I can lose my hands, and still live. I can lose my legs and still live. I can lose my eyes and still live. I can lose my hair, eyebrows, nose, arms, and many other things and still live. But if I lose the air I die. If I lose the sun I die. If I lose the earth I die. If I lose the water I die. If I lose the plants and animals I die. All of these things are more a part of me, more essential to my every breath, than is my so-called body. What is my real body?
We are not autonomous, self-sufficient beings as European mythology teaches. Such ideas are based upon deductive logic derived from false assumptions. We are rooted, just like the trees. But our roots come out of our nose and mouth, like an umbilical cord, forever connected with the rest of the world. Our roots also extend out from our skin and from our other body cavities.
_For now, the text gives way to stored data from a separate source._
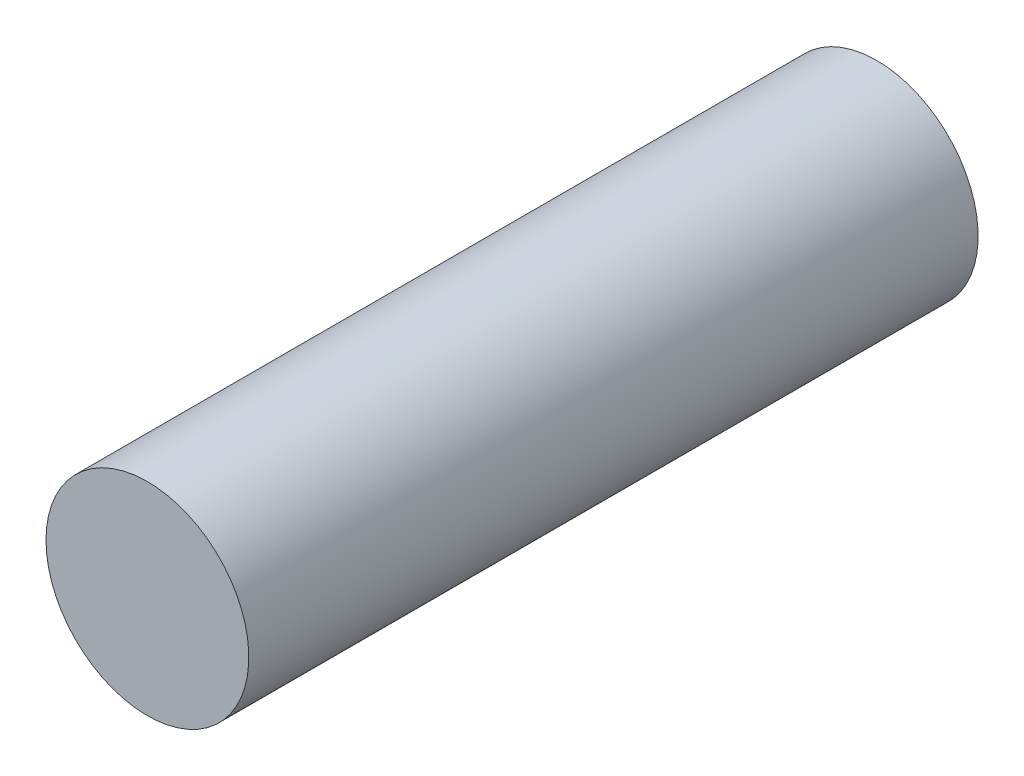
ISO-10303-21;
HEADER;
FILE_DESCRIPTION(('STEP AP214'),'2;1');
FILE_NAME('part.step','',(''),(''),'','','');
FILE_SCHEMA(('AUTOMOTIVE_DESIGN { 1 0 10303 214 1 1 1 1 }'));
ENDSEC;
DATA;
#1=APPLICATION_CONTEXT('core data for automotive mechanical design processes');
#2=APPLICATION_PROTOCOL_DEFINITION('international standard','automotive_design',2000,#1);
#3=PRODUCT_CONTEXT('',#1,'mechanical');
#4=PRODUCT('Part','Part','',(#3));
#5=PRODUCT_RELATED_PRODUCT_CATEGORY('part','',(#4));
#6=PRODUCT_DEFINITION_FORMATION('','',#4);
#7=PRODUCT_DEFINITION_CONTEXT('part definition',#1,'design');
#8=PRODUCT_DEFINITION('design','',#6,#7);
#9=PRODUCT_DEFINITION_SHAPE('','',#8);
#10=(LENGTH_UNIT() NAMED_UNIT(*) SI_UNIT(.MILLI.,.METRE.));
#11=(NAMED_UNIT(*) PLANE_ANGLE_UNIT() SI_UNIT($,.RADIAN.));
#12=(NAMED_UNIT(*) SI_UNIT($,.STERADIAN.) SOLID_ANGLE_UNIT());
#13=UNCERTAINTY_MEASURE_WITH_UNIT(LENGTH_MEASURE(1.E-05),#10,'distance_accuracy_value','');
#14=(GEOMETRIC_REPRESENTATION_CONTEXT(3) GLOBAL_UNCERTAINTY_ASSIGNED_CONTEXT((#13)) GLOBAL_UNIT_ASSIGNED_CONTEXT((#10,
#11,#12)) REPRESENTATION_CONTEXT('',''));
#15=CARTESIAN_POINT('',(0.,0.,0.));
#16=DIRECTION('',(0.,0.,1.));
#17=DIRECTION('',(1.,0.,0.));
#18=AXIS2_PLACEMENT_3D('',#15,#16,#17);
#19=CARTESIAN_POINT('',(0.,0.,11.8745));
#20=DIRECTION('',(0.,0.,-1.));
#21=DIRECTION('',(-1.,0.,0.));
#22=AXIS2_PLACEMENT_3D('',#19,#20,#21);
#23=CYLINDRICAL_SURFACE('',#22,3.302);
#24=CARTESIAN_POINT('',(0.,0.,11.8745));
#25=DIRECTION('',(0.,0.,1.));
#26=DIRECTION('',(1.,0.,0.));
#27=AXIS2_PLACEMENT_3D('',#24,#25,#26);
#28=CIRCLE('',#27,3.302);
#29=CARTESIAN_POINT('',(-3.302,0.,11.8745));
#30=VERTEX_POINT('',#29);
#31=EDGE_CURVE('E10',#30,#30,#28,.T.);
#32=CARTESIAN_POINT('',(0.,0.,-11.8745));
#33=DIRECTION('',(0.,0.,1.));
#34=DIRECTION('',(1.,0.,0.));
#35=AXIS2_PLACEMENT_3D('',#32,#33,#34);
#36=CIRCLE('',#35,3.302);
#37=CARTESIAN_POINT('',(-3.302,0.,-11.8745));
#38=VERTEX_POINT('',#37);
#39=EDGE_CURVE('E48',#38,#38,#36,.T.);
#40=CARTESIAN_POINT('',(-3.302,0.,11.8745));
#41=CARTESIAN_POINT('',(-3.302,0.,11.6271145833333));
#42=CARTESIAN_POINT('',(-3.302,0.,11.3797291666667));
#43=CARTESIAN_POINT('',(-3.302,0.,10.8849583333333));
#44=CARTESIAN_POINT('',(-3.302,0.,10.6375729166667));
#45=CARTESIAN_POINT('',(-3.302,0.,10.1428020833333));
#46=CARTESIAN_POINT('',(-3.302,0.,9.89541666666667));
#47=CARTESIAN_POINT('',(-3.302,0.,9.40064583333333));
#48=CARTESIAN_POINT('',(-3.302,0.,9.15326041666667));
#49=CARTESIAN_POINT('',(-3.302,0.,8.65848958333333));
#50=CARTESIAN_POINT('',(-3.302,0.,8.41110416666667));
#51=CARTESIAN_POINT('',(-3.302,0.,7.91633333333333));
#52=CARTESIAN_POINT('',(-3.302,0.,7.66894791666667));
#53=CARTESIAN_POINT('',(-3.302,0.,7.17417708333333));
#54=CARTESIAN_POINT('',(-3.302,0.,6.92679166666667));
#55=CARTESIAN_POINT('',(-3.302,0.,6.43202083333333));
#56=CARTESIAN_POINT('',(-3.302,0.,6.18463541666666));
#57=CARTESIAN_POINT('',(-3.302,0.,5.68986458333333));
#58=CARTESIAN_POINT('',(-3.302,0.,5.44247916666666));
#59=CARTESIAN_POINT('',(-3.302,0.,4.94770833333333));
#60=CARTESIAN_POINT('',(-3.302,0.,4.70032291666666));
#61=CARTESIAN_POINT('',(-3.302,0.,4.20555208333333));
#62=CARTESIAN_POINT('',(-3.302,0.,3.95816666666667));
#63=CARTESIAN_POINT('',(-3.302,0.,3.46339583333333));
#64=CARTESIAN_POINT('',(-3.302,0.,3.21601041666667));
#65=CARTESIAN_POINT('',(-3.302,0.,2.72123958333333));
#66=CARTESIAN_POINT('',(-3.302,0.,2.47385416666667));
#67=CARTESIAN_POINT('',(-3.302,0.,1.97908333333333));
#68=CARTESIAN_POINT('',(-3.302,0.,1.73169791666667));
#69=CARTESIAN_POINT('',(-3.302,0.,1.23692708333333));
#70=CARTESIAN_POINT('',(-3.302,0.,0.989541666666666));
#71=CARTESIAN_POINT('',(-3.302,0.,0.494770833333332));
#72=CARTESIAN_POINT('',(-3.302,0.,0.247385416666665));
#73=CARTESIAN_POINT('',(-3.302,0.,-0.247385416666669));
#74=CARTESIAN_POINT('',(-3.302,0.,-0.494770833333336));
#75=CARTESIAN_POINT('',(-3.302,0.,-0.989541666666669));
#76=CARTESIAN_POINT('',(-3.302,0.,-1.23692708333334));
#77=CARTESIAN_POINT('',(-3.302,0.,-1.73169791666667));
#78=CARTESIAN_POINT('',(-3.302,0.,-1.97908333333334));
#79=CARTESIAN_POINT('',(-3.302,0.,-2.47385416666667));
#80=CARTESIAN_POINT('',(-3.302,0.,-2.72123958333334));
#81=CARTESIAN_POINT('',(-3.302,0.,-3.21601041666667));
#82=CARTESIAN_POINT('',(-3.302,0.,-3.46339583333334));
#83=CARTESIAN_POINT('',(-3.302,0.,-3.95816666666667));
#84=CARTESIAN_POINT('',(-3.302,0.,-4.20555208333333));
#85=CARTESIAN_POINT('',(-3.302,0.,-4.70032291666667));
#86=CARTESIAN_POINT('',(-3.302,0.,-4.94770833333333));
#87=CARTESIAN_POINT('',(-3.302,0.,-5.44247916666667));
#88=CARTESIAN_POINT('',(-3.302,0.,-5.68986458333333));
#89=CARTESIAN_POINT('',(-3.302,0.,-6.18463541666667));
#90=CARTESIAN_POINT('',(-3.302,0.,-6.43202083333334));
#91=CARTESIAN_POINT('',(-3.302,0.,-6.92679166666667));
#92=CARTESIAN_POINT('',(-3.302,0.,-7.17417708333334));
#93=CARTESIAN_POINT('',(-3.302,0.,-7.66894791666667));
#94=CARTESIAN_POINT('',(-3.302,0.,-7.91633333333334));
#95=CARTESIAN_POINT('',(-3.302,0.,-8.41110416666667));
#96=CARTESIAN_POINT('',(-3.302,0.,-8.65848958333333));
#97=CARTESIAN_POINT('',(-3.302,0.,-9.15326041666667));
#98=CARTESIAN_POINT('',(-3.302,0.,-9.40064583333333));
#99=CARTESIAN_POINT('',(-3.302,0.,-9.89541666666667));
#100=CARTESIAN_POINT('',(-3.302,0.,-10.1428020833333));
#101=CARTESIAN_POINT('',(-3.302,0.,-10.6375729166667));
#102=CARTESIAN_POINT('',(-3.302,0.,-10.8849583333333));
#103=CARTESIAN_POINT('',(-3.302,0.,-11.3797291666667));
#104=CARTESIAN_POINT('',(-3.302,0.,-11.6271145833333));
#105=CARTESIAN_POINT('',(-3.302,0.,-11.8745));
#106=B_SPLINE_CURVE_WITH_KNOTS('',3,(#40,#41,#42,#43,#44,#45,#46,#47,#48,#49,#50,#51,#52,#53,
#54,#55,#56,#57,#58,#59,#60,#61,#62,#63,#64,#65,#66,#67,#68,#69,#70,#71,#72,#73,#74,#75,#76,#77,
#78,#79,#80,#81,#82,#83,#84,#85,#86,#87,#88,#89,#90,#91,#92,#93,#94,#95,#96,#97,#98,#99,#100,
#101,#102,#103,#104,#105),.UNSPECIFIED.,.F.,.F.,(4,2,2,2,2,2,2,2,2,2,2,2,2,2,2,2,2,2,2,2,2,2,2,
2,2,2,2,2,2,2,2,2,4),(0.,0.742156250000001,1.4843125,2.22646875,2.968625,3.71078125,4.4529375,
5.19509375,5.93725,6.67940625,7.4215625,8.16371875,8.905875,9.64803125,10.3901875,11.13234375,
11.8745,12.61665625,13.3588125,14.10096875,14.843125,15.58528125,16.3274375,17.06959375,
17.81175,18.55390625,19.2960625,20.03821875,20.780375,21.52253125,22.2646875,23.00684375,
23.749),.UNSPECIFIED.);
#107=EDGE_CURVE('BSEAM45',#30,#38,#106,.T.);
#108=ORIENTED_EDGE('',*,*,#31,.F.);
#109=ORIENTED_EDGE('',*,*,#39,.T.);
#110=ORIENTED_EDGE('',*,*,#107,.T.);
#111=ORIENTED_EDGE('',*,*,#107,.F.);
#112=EDGE_LOOP('',(#108,#110,#109,#111));
#113=FACE_BOUND('',#112,.T.);
#114=ADVANCED_FACE('F45',(#113),#23,.T.);
#115=CARTESIAN_POINT('',(0.,0.,11.8745));
#116=DIRECTION('',(0.,0.,1.));
#117=DIRECTION('',(1.,0.,0.));
#118=AXIS2_PLACEMENT_3D('',#115,#116,#117);
#119=PLANE('',#118);
#120=ORIENTED_EDGE('',*,*,#31,.T.);
#121=EDGE_LOOP('',(#120));
#122=FACE_BOUND('',#121,.T.);
#123=ADVANCED_FACE('F62',(#122),#119,.T.);
#124=CARTESIAN_POINT('',(0.,0.,-11.8745));
#125=DIRECTION('',(0.,0.,1.));
#126=DIRECTION('',(1.,0.,0.));
#127=AXIS2_PLACEMENT_3D('',#124,#125,#126);
#128=PLANE('',#127);
#129=ORIENTED_EDGE('',*,*,#39,.F.);
#130=EDGE_LOOP('',(#129));
#131=FACE_BOUND('',#130,.T.);
#132=ADVANCED_FACE('F60',(#131),#128,.F.);
#133=CLOSED_SHELL('',(#114,#123,#132));
#134=MANIFOLD_SOLID_BREP('B2',#133);
#135=ADVANCED_BREP_SHAPE_REPRESENTATION('',(#18,#134),#14);
#136=SHAPE_DEFINITION_REPRESENTATION(#9,#135);
ENDSEC;
END-ISO-10303-21;

“I live in a universe. I am a point of awareness, a circle of consciousness, in the midst of a series of circles. One circle is that which we call the body. It is a universe itself, full of millions of little living creatures living their own separate but co-dependent lives. They live, fight, make love, split, and die independent of my consciousness, most of the time. If some of them get disturbed or get hurt they might tell me about it so that I can help them, so that I can get them some food, or scratch them, or get rid of their left-overs.”
“Another circle is all of the other things which I am completely dependent upon – Gishux, the sun, the air, the water, and so on. Another circle is all of the things that fill my consciousness – the things I see, smell, hear, and so on. Another circle is the source of my dreams, consciousness, insights, gifts or powers, ideas, and ‚intuitions’.”
But all of these ‘circles’ are not really separate – they are all mutually dependent upon each other, they are all mixed up with each other, they all overlap and move in, and out, of each other.
And that mutual dependence blurs into the circle of love, that mystery, that glue that holds all of this together. Scientists may call it attraction, or affinity, or magnetism, or gravity, as well as affection, symbiosis, kinship, community, family, compassion, or whatever. But there is that circle, that mysterious circle, that makes life possible.
But Europeans of modern times, and other materialists or dogmatists, seldom undertake this kind of analysis, an analysis based upon empirical frankness and an honest desire to learn. Instead they allow myths and dogmas to distort or predetermine their conceptions. (I do not pretend that my thoughts as such, are ‘true’, but merely that they express my feelings and perhaps point in a direction which others might find helpful.)
Maybe it’s this: many Europeans cannot tolerate mystery, especially mystery in the ‘real world’. Native People, on the other hand, admit that there is mystery, and accept joyfully the task of living in such a wonderful world.